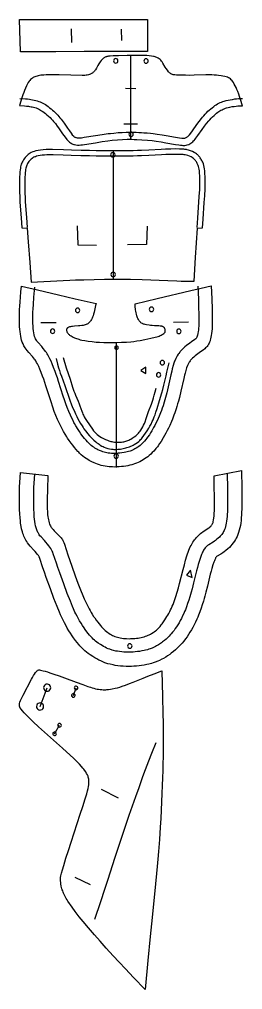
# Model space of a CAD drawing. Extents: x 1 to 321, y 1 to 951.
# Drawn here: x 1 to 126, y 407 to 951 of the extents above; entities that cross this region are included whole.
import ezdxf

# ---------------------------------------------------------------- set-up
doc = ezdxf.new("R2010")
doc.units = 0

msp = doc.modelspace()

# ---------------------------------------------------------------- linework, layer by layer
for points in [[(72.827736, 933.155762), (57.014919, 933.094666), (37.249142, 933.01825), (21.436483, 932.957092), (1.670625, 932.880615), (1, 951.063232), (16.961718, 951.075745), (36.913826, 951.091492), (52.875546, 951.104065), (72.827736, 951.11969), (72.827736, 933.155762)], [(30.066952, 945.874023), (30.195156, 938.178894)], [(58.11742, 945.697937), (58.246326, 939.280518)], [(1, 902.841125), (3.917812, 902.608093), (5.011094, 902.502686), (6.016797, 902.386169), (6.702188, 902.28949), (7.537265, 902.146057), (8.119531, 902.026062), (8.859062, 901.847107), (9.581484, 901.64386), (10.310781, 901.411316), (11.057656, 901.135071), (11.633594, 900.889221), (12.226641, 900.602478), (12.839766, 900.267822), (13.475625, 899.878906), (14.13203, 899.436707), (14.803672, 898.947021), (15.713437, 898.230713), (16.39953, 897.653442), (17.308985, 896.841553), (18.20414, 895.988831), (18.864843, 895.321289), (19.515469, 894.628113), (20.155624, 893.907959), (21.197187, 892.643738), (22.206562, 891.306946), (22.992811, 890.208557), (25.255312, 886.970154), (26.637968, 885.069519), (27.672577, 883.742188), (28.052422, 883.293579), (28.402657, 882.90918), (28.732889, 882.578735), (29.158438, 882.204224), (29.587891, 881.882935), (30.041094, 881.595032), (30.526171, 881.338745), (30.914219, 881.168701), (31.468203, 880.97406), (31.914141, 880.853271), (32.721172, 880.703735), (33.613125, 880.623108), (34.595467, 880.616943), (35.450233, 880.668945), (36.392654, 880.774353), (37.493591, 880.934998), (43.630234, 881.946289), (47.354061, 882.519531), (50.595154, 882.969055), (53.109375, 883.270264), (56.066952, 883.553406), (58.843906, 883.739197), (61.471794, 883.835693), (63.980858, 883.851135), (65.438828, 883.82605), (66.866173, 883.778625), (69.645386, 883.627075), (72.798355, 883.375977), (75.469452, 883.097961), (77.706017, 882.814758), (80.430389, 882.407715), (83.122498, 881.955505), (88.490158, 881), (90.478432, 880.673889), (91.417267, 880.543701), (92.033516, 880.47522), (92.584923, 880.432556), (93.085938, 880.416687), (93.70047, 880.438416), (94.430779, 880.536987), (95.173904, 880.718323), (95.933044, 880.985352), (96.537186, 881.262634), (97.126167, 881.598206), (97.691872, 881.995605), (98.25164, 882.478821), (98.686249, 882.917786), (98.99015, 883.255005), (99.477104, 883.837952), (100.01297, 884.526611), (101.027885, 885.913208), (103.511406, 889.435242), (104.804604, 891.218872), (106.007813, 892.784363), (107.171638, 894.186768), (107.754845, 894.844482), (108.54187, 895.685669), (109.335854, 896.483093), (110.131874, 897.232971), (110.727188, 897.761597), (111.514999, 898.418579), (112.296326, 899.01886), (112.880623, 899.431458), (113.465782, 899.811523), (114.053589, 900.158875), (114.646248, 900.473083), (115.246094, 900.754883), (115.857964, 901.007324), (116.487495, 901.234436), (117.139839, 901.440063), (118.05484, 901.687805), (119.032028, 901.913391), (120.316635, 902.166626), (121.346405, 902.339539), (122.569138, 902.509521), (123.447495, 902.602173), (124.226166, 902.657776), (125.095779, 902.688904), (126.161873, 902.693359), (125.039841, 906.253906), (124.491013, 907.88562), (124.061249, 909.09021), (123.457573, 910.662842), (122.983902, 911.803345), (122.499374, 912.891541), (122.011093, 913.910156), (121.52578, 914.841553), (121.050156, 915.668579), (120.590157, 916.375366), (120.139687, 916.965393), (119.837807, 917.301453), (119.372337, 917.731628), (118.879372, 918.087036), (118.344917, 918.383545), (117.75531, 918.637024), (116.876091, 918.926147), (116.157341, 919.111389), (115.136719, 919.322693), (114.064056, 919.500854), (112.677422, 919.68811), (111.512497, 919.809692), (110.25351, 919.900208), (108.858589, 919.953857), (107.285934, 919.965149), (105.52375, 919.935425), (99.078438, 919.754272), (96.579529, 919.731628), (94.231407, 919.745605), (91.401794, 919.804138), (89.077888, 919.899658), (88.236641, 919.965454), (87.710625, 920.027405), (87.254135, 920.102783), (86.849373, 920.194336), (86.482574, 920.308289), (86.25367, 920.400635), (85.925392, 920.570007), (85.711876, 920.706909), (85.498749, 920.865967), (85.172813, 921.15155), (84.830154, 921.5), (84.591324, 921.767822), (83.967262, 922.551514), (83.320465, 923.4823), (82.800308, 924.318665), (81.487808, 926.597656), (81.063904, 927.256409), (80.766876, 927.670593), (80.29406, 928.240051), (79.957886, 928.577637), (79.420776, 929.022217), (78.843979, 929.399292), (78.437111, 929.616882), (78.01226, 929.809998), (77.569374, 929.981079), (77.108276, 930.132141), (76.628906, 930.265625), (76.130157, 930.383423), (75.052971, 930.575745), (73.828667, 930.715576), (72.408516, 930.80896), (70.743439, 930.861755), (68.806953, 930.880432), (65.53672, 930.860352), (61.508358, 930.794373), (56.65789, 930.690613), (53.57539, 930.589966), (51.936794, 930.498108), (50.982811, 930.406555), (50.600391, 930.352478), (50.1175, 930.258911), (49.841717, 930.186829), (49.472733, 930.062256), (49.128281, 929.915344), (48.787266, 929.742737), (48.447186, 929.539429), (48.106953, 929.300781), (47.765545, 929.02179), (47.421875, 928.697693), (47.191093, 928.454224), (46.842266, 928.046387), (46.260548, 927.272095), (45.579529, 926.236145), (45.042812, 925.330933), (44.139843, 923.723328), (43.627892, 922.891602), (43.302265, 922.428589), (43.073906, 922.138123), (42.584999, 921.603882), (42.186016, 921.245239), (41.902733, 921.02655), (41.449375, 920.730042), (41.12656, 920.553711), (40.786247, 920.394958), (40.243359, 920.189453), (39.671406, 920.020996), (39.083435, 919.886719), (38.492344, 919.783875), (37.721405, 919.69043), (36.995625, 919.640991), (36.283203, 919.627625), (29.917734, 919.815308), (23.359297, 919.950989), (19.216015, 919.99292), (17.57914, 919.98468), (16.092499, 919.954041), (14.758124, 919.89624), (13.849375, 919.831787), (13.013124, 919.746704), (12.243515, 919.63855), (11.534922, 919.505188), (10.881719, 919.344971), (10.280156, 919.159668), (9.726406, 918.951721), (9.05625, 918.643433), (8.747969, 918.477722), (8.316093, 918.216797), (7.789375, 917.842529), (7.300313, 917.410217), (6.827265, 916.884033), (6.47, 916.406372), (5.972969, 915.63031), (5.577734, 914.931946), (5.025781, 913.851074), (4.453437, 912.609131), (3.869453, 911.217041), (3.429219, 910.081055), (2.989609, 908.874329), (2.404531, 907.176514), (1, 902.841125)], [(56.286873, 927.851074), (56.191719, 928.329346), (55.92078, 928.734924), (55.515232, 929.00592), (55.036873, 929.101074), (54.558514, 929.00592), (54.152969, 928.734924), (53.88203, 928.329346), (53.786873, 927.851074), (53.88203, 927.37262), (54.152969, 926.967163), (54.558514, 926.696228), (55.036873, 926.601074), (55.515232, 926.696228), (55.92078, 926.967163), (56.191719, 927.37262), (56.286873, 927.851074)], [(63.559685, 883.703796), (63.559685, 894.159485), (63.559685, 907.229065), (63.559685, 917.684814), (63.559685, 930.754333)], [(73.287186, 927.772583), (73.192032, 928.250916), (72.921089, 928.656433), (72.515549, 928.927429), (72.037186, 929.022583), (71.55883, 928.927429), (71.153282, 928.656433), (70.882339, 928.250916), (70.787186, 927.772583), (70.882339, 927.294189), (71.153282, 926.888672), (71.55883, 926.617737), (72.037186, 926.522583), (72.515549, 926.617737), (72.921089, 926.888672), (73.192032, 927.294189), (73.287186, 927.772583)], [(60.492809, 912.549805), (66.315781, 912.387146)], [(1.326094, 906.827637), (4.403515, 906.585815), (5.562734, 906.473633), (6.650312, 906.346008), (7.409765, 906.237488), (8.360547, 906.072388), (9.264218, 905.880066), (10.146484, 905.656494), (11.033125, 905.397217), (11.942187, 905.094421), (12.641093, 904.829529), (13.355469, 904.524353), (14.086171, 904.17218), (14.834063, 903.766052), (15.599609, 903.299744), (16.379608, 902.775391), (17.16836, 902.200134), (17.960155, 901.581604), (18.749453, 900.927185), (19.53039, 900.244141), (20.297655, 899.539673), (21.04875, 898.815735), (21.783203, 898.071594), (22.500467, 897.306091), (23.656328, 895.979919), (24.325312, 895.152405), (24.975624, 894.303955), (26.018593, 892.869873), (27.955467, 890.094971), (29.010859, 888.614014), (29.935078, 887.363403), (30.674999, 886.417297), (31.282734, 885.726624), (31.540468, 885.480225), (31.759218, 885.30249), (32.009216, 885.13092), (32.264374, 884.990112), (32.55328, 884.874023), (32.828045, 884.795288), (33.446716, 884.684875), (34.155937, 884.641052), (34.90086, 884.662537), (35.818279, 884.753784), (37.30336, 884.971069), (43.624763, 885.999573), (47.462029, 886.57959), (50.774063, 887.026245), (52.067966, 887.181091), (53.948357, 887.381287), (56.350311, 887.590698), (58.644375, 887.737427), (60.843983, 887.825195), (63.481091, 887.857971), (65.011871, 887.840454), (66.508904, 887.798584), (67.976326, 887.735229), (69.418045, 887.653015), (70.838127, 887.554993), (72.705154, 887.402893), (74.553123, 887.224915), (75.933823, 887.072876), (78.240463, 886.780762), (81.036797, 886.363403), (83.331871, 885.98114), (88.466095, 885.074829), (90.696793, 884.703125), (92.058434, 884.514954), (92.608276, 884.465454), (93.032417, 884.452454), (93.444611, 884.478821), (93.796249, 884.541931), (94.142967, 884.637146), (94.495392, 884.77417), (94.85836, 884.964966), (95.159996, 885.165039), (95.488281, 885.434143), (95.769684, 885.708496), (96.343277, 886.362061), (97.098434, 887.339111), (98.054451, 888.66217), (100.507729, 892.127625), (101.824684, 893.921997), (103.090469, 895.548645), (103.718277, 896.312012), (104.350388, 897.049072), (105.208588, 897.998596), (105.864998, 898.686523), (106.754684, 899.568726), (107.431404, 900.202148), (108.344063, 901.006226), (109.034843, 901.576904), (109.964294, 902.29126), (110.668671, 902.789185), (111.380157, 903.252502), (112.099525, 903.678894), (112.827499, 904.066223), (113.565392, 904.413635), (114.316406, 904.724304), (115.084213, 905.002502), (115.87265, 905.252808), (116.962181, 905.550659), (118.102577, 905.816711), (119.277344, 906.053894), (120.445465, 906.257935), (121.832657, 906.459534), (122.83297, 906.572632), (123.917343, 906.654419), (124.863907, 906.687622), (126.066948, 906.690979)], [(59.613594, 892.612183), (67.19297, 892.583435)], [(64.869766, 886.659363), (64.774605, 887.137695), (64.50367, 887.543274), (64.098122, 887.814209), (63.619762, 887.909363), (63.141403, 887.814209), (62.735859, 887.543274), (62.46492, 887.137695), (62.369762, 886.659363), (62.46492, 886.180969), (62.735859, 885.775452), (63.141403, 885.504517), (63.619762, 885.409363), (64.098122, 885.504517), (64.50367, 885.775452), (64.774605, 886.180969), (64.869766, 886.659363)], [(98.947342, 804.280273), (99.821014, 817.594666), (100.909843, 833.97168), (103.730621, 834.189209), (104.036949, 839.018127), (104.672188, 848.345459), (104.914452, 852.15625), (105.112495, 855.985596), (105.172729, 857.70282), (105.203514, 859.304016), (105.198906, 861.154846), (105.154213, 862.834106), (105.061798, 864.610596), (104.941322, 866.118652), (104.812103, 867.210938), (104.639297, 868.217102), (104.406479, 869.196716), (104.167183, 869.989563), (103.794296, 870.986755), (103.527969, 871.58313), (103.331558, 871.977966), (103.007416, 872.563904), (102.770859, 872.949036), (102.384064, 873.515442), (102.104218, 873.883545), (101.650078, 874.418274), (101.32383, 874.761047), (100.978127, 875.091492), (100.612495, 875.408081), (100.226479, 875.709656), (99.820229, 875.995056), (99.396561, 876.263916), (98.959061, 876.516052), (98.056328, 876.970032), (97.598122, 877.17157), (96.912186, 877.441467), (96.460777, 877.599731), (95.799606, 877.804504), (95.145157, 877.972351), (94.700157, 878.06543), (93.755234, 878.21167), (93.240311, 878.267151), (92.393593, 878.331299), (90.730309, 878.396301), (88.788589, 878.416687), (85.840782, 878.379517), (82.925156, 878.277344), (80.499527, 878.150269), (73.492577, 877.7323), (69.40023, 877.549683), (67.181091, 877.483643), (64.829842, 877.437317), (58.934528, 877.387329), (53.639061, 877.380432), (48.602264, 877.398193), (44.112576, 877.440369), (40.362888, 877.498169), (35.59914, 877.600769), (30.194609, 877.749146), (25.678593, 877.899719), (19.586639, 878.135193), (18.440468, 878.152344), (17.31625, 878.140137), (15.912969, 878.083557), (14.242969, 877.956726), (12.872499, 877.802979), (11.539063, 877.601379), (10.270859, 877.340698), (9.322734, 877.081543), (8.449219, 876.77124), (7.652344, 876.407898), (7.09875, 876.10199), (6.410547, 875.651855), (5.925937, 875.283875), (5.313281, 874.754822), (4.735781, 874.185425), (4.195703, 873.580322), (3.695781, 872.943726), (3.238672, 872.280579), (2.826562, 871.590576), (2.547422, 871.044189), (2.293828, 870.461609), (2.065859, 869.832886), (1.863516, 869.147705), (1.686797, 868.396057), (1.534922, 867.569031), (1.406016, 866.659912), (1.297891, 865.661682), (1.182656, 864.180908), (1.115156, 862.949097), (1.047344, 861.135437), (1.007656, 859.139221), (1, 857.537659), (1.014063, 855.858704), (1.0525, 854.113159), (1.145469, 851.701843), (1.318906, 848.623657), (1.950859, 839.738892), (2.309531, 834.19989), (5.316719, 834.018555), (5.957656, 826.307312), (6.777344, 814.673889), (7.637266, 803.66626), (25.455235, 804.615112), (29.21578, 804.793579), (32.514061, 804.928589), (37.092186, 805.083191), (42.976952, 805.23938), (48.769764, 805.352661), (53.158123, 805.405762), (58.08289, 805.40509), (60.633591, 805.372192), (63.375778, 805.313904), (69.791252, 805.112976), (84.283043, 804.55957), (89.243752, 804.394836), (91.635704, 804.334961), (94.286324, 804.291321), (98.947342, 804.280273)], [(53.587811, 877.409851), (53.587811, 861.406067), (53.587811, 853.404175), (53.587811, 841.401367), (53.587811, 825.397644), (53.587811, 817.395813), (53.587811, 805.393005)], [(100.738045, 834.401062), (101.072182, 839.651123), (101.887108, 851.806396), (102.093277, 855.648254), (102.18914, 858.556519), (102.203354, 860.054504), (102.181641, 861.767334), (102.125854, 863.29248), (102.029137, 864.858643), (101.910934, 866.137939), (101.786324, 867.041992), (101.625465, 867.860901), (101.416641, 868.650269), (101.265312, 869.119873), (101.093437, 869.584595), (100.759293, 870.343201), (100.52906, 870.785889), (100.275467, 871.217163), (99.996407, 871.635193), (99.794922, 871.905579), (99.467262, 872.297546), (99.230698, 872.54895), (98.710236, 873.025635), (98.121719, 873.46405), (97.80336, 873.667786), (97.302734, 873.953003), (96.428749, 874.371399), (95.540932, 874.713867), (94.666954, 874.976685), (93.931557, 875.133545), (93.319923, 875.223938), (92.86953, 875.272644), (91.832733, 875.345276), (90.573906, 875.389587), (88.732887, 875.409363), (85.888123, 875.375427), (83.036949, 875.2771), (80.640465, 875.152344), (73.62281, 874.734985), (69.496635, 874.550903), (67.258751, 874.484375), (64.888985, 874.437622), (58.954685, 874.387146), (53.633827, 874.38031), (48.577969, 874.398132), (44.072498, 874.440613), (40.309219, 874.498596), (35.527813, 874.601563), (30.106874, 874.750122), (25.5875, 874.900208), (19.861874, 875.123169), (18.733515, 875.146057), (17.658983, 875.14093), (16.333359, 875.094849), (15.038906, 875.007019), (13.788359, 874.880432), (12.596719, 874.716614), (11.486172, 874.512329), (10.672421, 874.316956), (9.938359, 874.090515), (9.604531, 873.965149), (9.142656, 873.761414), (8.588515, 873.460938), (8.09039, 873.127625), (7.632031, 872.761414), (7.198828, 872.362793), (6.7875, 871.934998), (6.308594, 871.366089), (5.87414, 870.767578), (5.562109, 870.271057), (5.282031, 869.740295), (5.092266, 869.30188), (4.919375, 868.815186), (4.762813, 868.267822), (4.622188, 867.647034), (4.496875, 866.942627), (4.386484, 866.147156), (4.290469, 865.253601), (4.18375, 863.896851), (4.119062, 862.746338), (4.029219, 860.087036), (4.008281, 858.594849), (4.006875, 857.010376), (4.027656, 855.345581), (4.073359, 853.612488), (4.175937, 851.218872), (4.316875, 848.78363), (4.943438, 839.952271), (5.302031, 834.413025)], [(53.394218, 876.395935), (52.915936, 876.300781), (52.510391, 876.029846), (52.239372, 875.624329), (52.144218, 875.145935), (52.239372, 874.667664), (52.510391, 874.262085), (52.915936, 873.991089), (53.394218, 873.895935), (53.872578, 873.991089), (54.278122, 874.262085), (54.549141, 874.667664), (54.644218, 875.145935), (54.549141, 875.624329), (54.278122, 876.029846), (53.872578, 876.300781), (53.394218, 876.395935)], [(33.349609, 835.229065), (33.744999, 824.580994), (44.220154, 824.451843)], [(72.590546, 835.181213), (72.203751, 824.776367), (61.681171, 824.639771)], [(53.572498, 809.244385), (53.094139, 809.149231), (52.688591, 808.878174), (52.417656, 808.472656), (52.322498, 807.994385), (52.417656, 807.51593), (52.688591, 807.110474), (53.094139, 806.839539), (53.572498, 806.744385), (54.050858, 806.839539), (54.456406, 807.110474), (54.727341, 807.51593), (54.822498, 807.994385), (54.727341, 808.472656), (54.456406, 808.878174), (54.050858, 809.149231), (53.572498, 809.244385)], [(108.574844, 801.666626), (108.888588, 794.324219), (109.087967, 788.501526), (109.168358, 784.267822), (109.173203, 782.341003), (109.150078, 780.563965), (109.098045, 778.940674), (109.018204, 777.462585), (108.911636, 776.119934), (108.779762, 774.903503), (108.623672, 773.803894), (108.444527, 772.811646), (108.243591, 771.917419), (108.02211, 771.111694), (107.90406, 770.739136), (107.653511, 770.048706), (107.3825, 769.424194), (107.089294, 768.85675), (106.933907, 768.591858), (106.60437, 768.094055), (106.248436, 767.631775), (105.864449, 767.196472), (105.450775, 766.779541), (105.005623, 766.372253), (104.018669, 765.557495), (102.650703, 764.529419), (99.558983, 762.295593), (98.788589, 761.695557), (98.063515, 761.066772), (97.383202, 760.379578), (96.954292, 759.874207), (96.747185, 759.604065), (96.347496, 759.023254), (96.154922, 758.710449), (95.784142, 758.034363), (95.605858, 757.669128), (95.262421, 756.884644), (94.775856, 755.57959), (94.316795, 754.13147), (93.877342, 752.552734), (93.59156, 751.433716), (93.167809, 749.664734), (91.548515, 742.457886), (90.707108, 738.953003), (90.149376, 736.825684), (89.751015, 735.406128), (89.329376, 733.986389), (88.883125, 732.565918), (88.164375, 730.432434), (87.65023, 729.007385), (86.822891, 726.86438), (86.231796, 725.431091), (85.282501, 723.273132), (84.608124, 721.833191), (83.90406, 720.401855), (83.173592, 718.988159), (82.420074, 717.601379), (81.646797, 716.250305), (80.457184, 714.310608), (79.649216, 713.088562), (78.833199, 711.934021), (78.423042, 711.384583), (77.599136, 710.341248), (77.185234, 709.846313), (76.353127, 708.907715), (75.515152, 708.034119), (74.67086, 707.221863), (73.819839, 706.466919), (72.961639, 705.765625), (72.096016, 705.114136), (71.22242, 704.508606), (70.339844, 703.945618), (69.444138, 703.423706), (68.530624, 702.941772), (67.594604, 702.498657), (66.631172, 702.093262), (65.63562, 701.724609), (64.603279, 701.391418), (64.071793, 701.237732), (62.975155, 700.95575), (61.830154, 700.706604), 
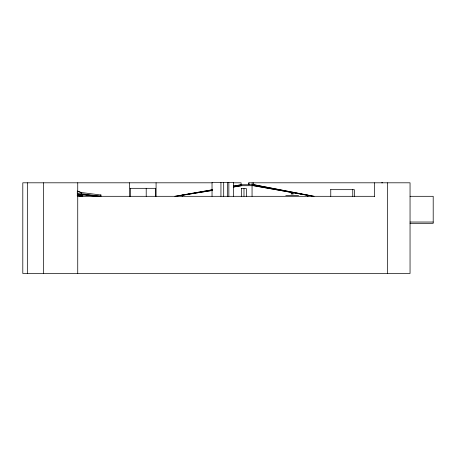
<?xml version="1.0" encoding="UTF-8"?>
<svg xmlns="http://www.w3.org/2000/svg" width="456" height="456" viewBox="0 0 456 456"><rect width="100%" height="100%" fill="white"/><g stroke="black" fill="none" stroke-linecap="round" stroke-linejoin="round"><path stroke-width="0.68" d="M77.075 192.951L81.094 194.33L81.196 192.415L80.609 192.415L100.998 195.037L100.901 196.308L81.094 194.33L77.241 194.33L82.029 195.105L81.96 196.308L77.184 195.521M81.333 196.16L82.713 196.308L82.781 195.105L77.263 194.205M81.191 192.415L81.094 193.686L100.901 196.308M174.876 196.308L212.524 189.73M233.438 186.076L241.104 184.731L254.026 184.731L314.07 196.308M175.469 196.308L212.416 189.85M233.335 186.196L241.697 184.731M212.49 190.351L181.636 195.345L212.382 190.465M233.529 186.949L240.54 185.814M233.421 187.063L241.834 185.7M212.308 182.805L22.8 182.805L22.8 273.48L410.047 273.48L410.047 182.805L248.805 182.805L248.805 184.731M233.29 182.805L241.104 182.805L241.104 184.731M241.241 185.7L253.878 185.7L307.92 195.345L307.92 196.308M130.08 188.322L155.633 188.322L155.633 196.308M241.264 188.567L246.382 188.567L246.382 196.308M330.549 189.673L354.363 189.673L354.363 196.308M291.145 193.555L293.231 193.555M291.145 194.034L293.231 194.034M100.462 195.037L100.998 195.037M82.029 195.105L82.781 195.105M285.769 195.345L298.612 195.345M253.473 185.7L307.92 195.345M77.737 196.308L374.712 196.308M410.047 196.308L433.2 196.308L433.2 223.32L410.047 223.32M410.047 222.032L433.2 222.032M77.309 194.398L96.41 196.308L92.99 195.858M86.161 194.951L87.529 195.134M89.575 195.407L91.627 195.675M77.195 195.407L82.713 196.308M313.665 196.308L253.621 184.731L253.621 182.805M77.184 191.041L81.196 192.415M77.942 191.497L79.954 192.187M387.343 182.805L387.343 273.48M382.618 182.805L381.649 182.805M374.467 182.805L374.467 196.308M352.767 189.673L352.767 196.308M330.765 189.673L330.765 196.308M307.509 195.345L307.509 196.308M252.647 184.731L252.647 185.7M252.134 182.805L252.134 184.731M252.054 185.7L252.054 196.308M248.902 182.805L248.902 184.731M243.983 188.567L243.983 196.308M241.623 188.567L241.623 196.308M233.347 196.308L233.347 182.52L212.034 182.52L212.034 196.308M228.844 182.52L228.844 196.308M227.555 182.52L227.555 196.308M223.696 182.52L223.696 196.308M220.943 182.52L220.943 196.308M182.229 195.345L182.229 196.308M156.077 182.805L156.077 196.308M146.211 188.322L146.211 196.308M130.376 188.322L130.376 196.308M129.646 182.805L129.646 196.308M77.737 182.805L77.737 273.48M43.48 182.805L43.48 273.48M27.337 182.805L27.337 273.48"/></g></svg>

##############################

WORK ORDER:
Each line from the start of the listing above through the line with "layer by layer" is what to output, exactly as written and without pictures.

TASK OUTPUT:
# Model space of a CAD drawing. Extents: x 1 to 321, y 1 to 951.
# Drawn here: x 1 to 126, y 407 to 951 of the extents above; entities that cross this region are included whole.
import ezdxf

# ---------------------------------------------------------------- set-up
doc = ezdxf.new("R2010")
doc.units = 0

msp = doc.modelspace()

# ---------------------------------------------------------------- linework, layer by layer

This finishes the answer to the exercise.